[Records contained in a dataset]
# # # #
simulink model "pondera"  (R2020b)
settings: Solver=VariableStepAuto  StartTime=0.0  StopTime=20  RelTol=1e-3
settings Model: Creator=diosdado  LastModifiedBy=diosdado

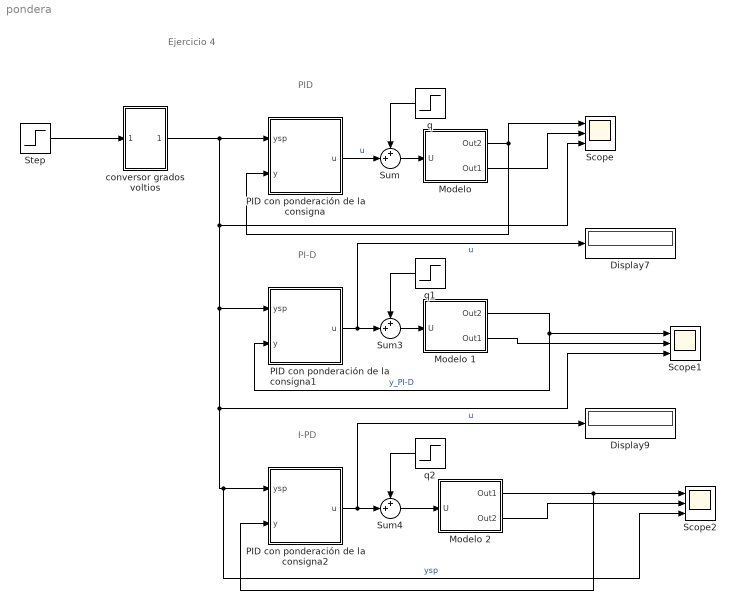
== system pondera ==
  note: Ejercicio 4
  note: PID
  note: PI-D
  note: I-PD
  Display7 : Display
  Display9 : Display
  "Modelo " : Subsystem
  Modelo 1 : Subsystem
  Modelo 2 : Subsystem
  PID con ponderación de la consigna : Subsystem  mask{Kp=100/40, Ti=1.17/1.96, Td=0.118/1.17, b=0, c=0, N=30}
      mask prompts: Kp "Ganancia Proporcional (Kp)"; Ti "Tiempo Integral (Ti) [s]"; Td "Tiempo Derivativo (Td) [s]"; b "Peso Error Proporcional (b)"; c "Peso Error Derivativo (c)"; N "Filtro Derivativo (N) [rad/s]"
  PID con ponderación de la consigna1 : Subsystem  mask{Kp=2.5, Ti=1.17/1.96, Td=0.118/1.17, b=0, c=0, N=30}
      mask prompts: Kp "Ganancia Proporcional (Kp)"; Ti "Tiempo Integral (Ti) [s]"; Td "Tiempo Derivativo (Td) [s]"; b "Peso Error Proporcional (b)"; c "Peso Error Derivativo (c)"; N "Filtro Derivativo (N) [rad/s]"
  PID con ponderación de la consigna2 : Subsystem  mask{Kp=100/40, Ti=1.17/1.96, Td=0.118/1.17, b=0, c=0, N=30}
      mask prompts: Kp "Ganancia Proporcional (Kp)"; Ti "Tiempo Integral (Ti) [s]"; Td "Tiempo Derivativo (Td) [s]"; b "Peso Error Proporcional (b)"; c "Peso Error Derivativo (c)"; N "Filtro Derivativo (N) [rad/s]"
  Scope : Scope  NumInputPorts=3
  Scope1 : Scope  NumInputPorts=3
  Scope2 : Scope  NumInputPorts=3
  Step : Step  Before=10  After=30  SampleTime=0
  Sum : Sum  Inputs=++|
  Sum3 : Sum  Inputs=++|
  Sum4 : Sum  Inputs=++|
  "conversor grados voltios " : Subsystem  mask{a=4.95, b=0.869}
  q : Step  Time=15  After=0.5  SampleTime=0
  q1 : Step  Time=15  After=0.5  SampleTime=0
  q2 : Step  Time=15  After=0.5  SampleTime=0
  wires:
  q/1 -> Sum/1
  "conversor grados voltios "/1(Out1) -> PID con ponderación de la consigna/1(ysp), Scope/3, Scope1/3, Scope2/3, PID con ponderación de la consigna2/1(ysp), PID con ponderación de la consigna1/1(ysp)  "ysp"
  Sum3/1 -> Modelo 1/1(U)
  PID con ponderación de la consigna/1(u) -> Sum/2  "u"
  Sum/1 -> "Modelo "/1(U)
  PID con ponderación de la consigna1/1(u) -> Sum3/2, Display7/1  "u"
  q1/1 -> Sum3/1
  Modelo 1/1(Out2) -> PID con ponderación de la consigna1/2(y), Scope1/1  "y_PI-D"
  Sum4/1 -> Modelo 2/1(U)
  PID con ponderación de la consigna2/1(u) -> Sum4/2, Display9/1  "u"
  q2/1 -> Sum4/1
  "Modelo "/1(Out2) -> Scope/1, PID con ponderación de la consigna/2(y)
  "Modelo "/2(Out1) -> Scope/2
  Modelo 1/2(Out1) -> Scope1/2
  Modelo 2/1(Out1) -> PID con ponderación de la consigna2/2(y), Scope2/1
  Modelo 2/2(Out2) -> Scope2/2
  Step/1 -> "conversor grados voltios "/1(In1)

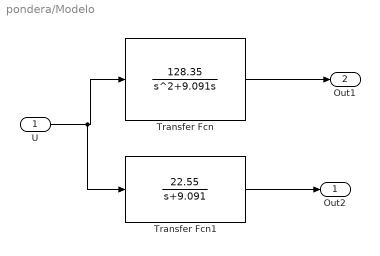
== system pondera/Modelo  ==
  U : Inport
  Transfer Fcn : TransferFcn  Numerator=[128.35]  Denominator=[1 9.091 0]
  Transfer Fcn1 : TransferFcn  Numerator=[22.55]  Denominator=[1 9.091]
  Out2 : Outport
  Out1 : Outport  Port=2
  wires:
  U/1 -> Transfer Fcn1/1, Transfer Fcn/1
  Transfer Fcn/1 -> Out1/1
  Transfer Fcn1/1 -> Out2/1

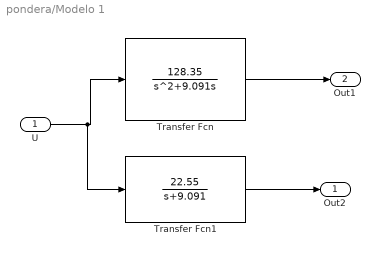
== system pondera/Modelo 1 ==
  U : Inport
  Transfer Fcn : TransferFcn  Numerator=[128.35]  Denominator=[1 9.091 0]
  Transfer Fcn1 : TransferFcn  Numerator=[22.55]  Denominator=[1 9.091]
  Out2 : Outport
  Out1 : Outport  Port=2
  wires:
  U/1 -> Transfer Fcn1/1, Transfer Fcn/1
  Transfer Fcn/1 -> Out1/1
  Transfer Fcn1/1 -> Out2/1

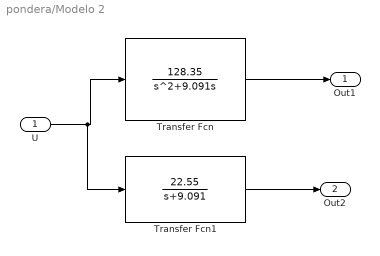
== system pondera/Modelo 2 ==
  U : Inport
  Transfer Fcn : TransferFcn  Numerator=[128.35]  Denominator=[1 9.091 0]
  Transfer Fcn1 : TransferFcn  Numerator=[22.55]  Denominator=[1 9.091]
  Out1 : Outport
  Out2 : Outport  Port=2
  wires:
  U/1 -> Transfer Fcn1/1, Transfer Fcn/1
  Transfer Fcn/1 -> Out1/1
  Transfer Fcn1/1 -> Out2/1

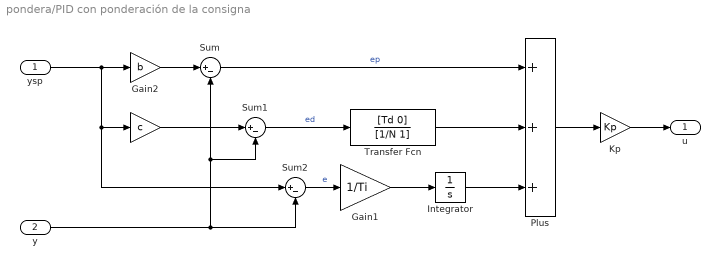
== system pondera/PID con ponderación de la consigna ==
  ysp : Inport
  y : Inport  Port=2
  " " : Gain  Gain=c
  Gain1 : Gain  Gain=1/Ti
  Gain2 : Gain  Gain=b
  Integrator : Integrator
  Kp : Gain  Gain=Kp
  Plus : Sum  Inputs=+++
  Sum : Sum  Inputs=|+-
  Sum1 : Sum  Inputs=|+-
  Sum2 : Sum  Inputs=|+-
  Transfer Fcn : TransferFcn  Numerator=[Td 0]  Denominator=[1/N 1]
  u : Outport  VectorParamsAs1DForOutWhenUnconnected=off
  wires:
  Plus/1 -> Kp/1
  Kp/1 -> u/1
  Gain1/1 -> Integrator/1
  Integrator/1 -> Plus/3
  Transfer Fcn/1 -> Plus/2
  ysp/1 -> Sum2/1, " "/1, Gain2/1
  Gain2/1 -> Sum/1
  Sum/1 -> Plus/1  "ep"
  " "/1 -> Sum1/1
  Sum2/1 -> Gain1/1  "e"
  Sum1/1 -> Transfer Fcn/1  "ed"
  y/1 -> Sum/2, Sum1/2, Sum2/2

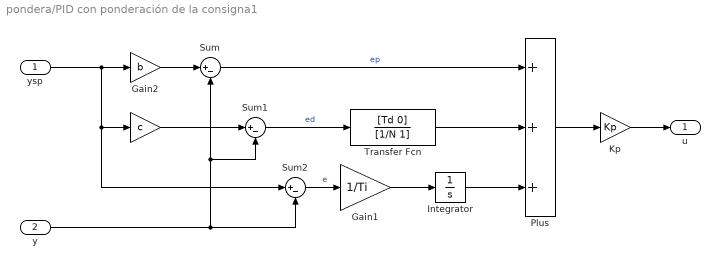
== system pondera/PID con ponderación de la consigna1 ==
  ysp : Inport
  y : Inport  Port=2
  " " : Gain  Gain=c
  Gain1 : Gain  Gain=1/Ti
  Gain2 : Gain  Gain=b
  Integrator : Integrator
  Kp : Gain  Gain=Kp
  Plus : Sum  Inputs=+++
  Sum : Sum  Inputs=|+-
  Sum1 : Sum  Inputs=|+-
  Sum2 : Sum  Inputs=|+-
  Transfer Fcn : TransferFcn  Numerator=[Td 0]  Denominator=[1/N 1]
  u : Outport  VectorParamsAs1DForOutWhenUnconnected=off
  wires:
  Plus/1 -> Kp/1
  Kp/1 -> u/1
  Gain1/1 -> Integrator/1
  Integrator/1 -> Plus/3
  Transfer Fcn/1 -> Plus/2
  ysp/1 -> Sum2/1, " "/1, Gain2/1
  Gain2/1 -> Sum/1
  Sum/1 -> Plus/1  "ep"
  " "/1 -> Sum1/1
  Sum2/1 -> Gain1/1  "e"
  Sum1/1 -> Transfer Fcn/1  "ed"
  y/1 -> Sum/2, Sum1/2, Sum2/2

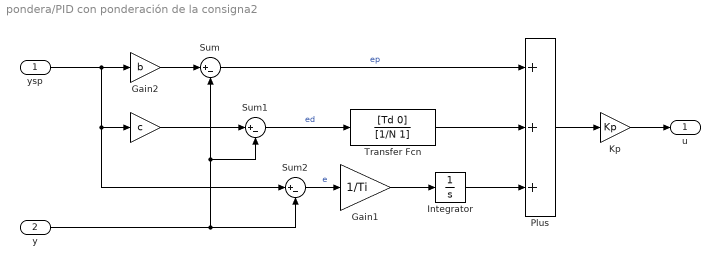
== system pondera/PID con ponderación de la consigna2 ==
  ysp : Inport
  y : Inport  Port=2
  " " : Gain  Gain=c
  Gain1 : Gain  Gain=1/Ti
  Gain2 : Gain  Gain=b
  Integrator : Integrator
  Kp : Gain  Gain=Kp
  Plus : Sum  Inputs=+++
  Sum : Sum  Inputs=|+-
  Sum1 : Sum  Inputs=|+-
  Sum2 : Sum  Inputs=|+-
  Transfer Fcn : TransferFcn  Numerator=[Td 0]  Denominator=[1/N 1]
  u : Outport  VectorParamsAs1DForOutWhenUnconnected=off
  wires:
  Plus/1 -> Kp/1
  Kp/1 -> u/1
  Gain1/1 -> Integrator/1
  Integrator/1 -> Plus/3
  Transfer Fcn/1 -> Plus/2
  ysp/1 -> Sum2/1, " "/1, Gain2/1
  Gain2/1 -> Sum/1
  Sum/1 -> Plus/1  "ep"
  " "/1 -> Sum1/1
  Sum2/1 -> Gain1/1  "e"
  Sum1/1 -> Transfer Fcn/1  "ed"
  y/1 -> Sum/2, Sum1/2, Sum2/2

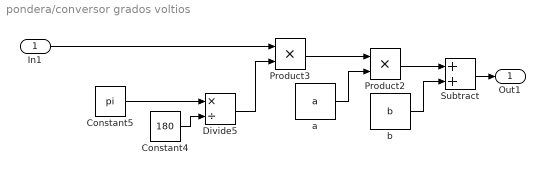
== system pondera/conversor grados voltios  ==
  In1 : Inport
  Constant4 : Constant  Value=180
  Constant5 : Constant  Value=pi
  Divide5 : Product  Inputs=*/
  Product2 : Product
  Product3 : Product
  Subtract : Sum
  a : Constant  Value=a
  b : Constant  Value=b
  Out1 : Outport
  wires:
  b/1 -> Subtract/2
  Product3/1 -> Product2/1
  Constant4/1 -> Divide5/2
  In1/1 -> Product3/1
  Product2/1 -> Subtract/1
  a/1 -> Product2/2
  Constant5/1 -> Divide5/1
  Divide5/1 -> Product3/2
  Subtract/1 -> Out1/1
# # # #
Retype exactly, and only, the lines from the line holding "a/1 -> Product2/2" through the last line of the data; both of those lines count.

  a/1 -> Product2/2
  Constant5/1 -> Divide5/1
  Divide5/1 -> Product3/2
  Subtract/1 -> Out1/1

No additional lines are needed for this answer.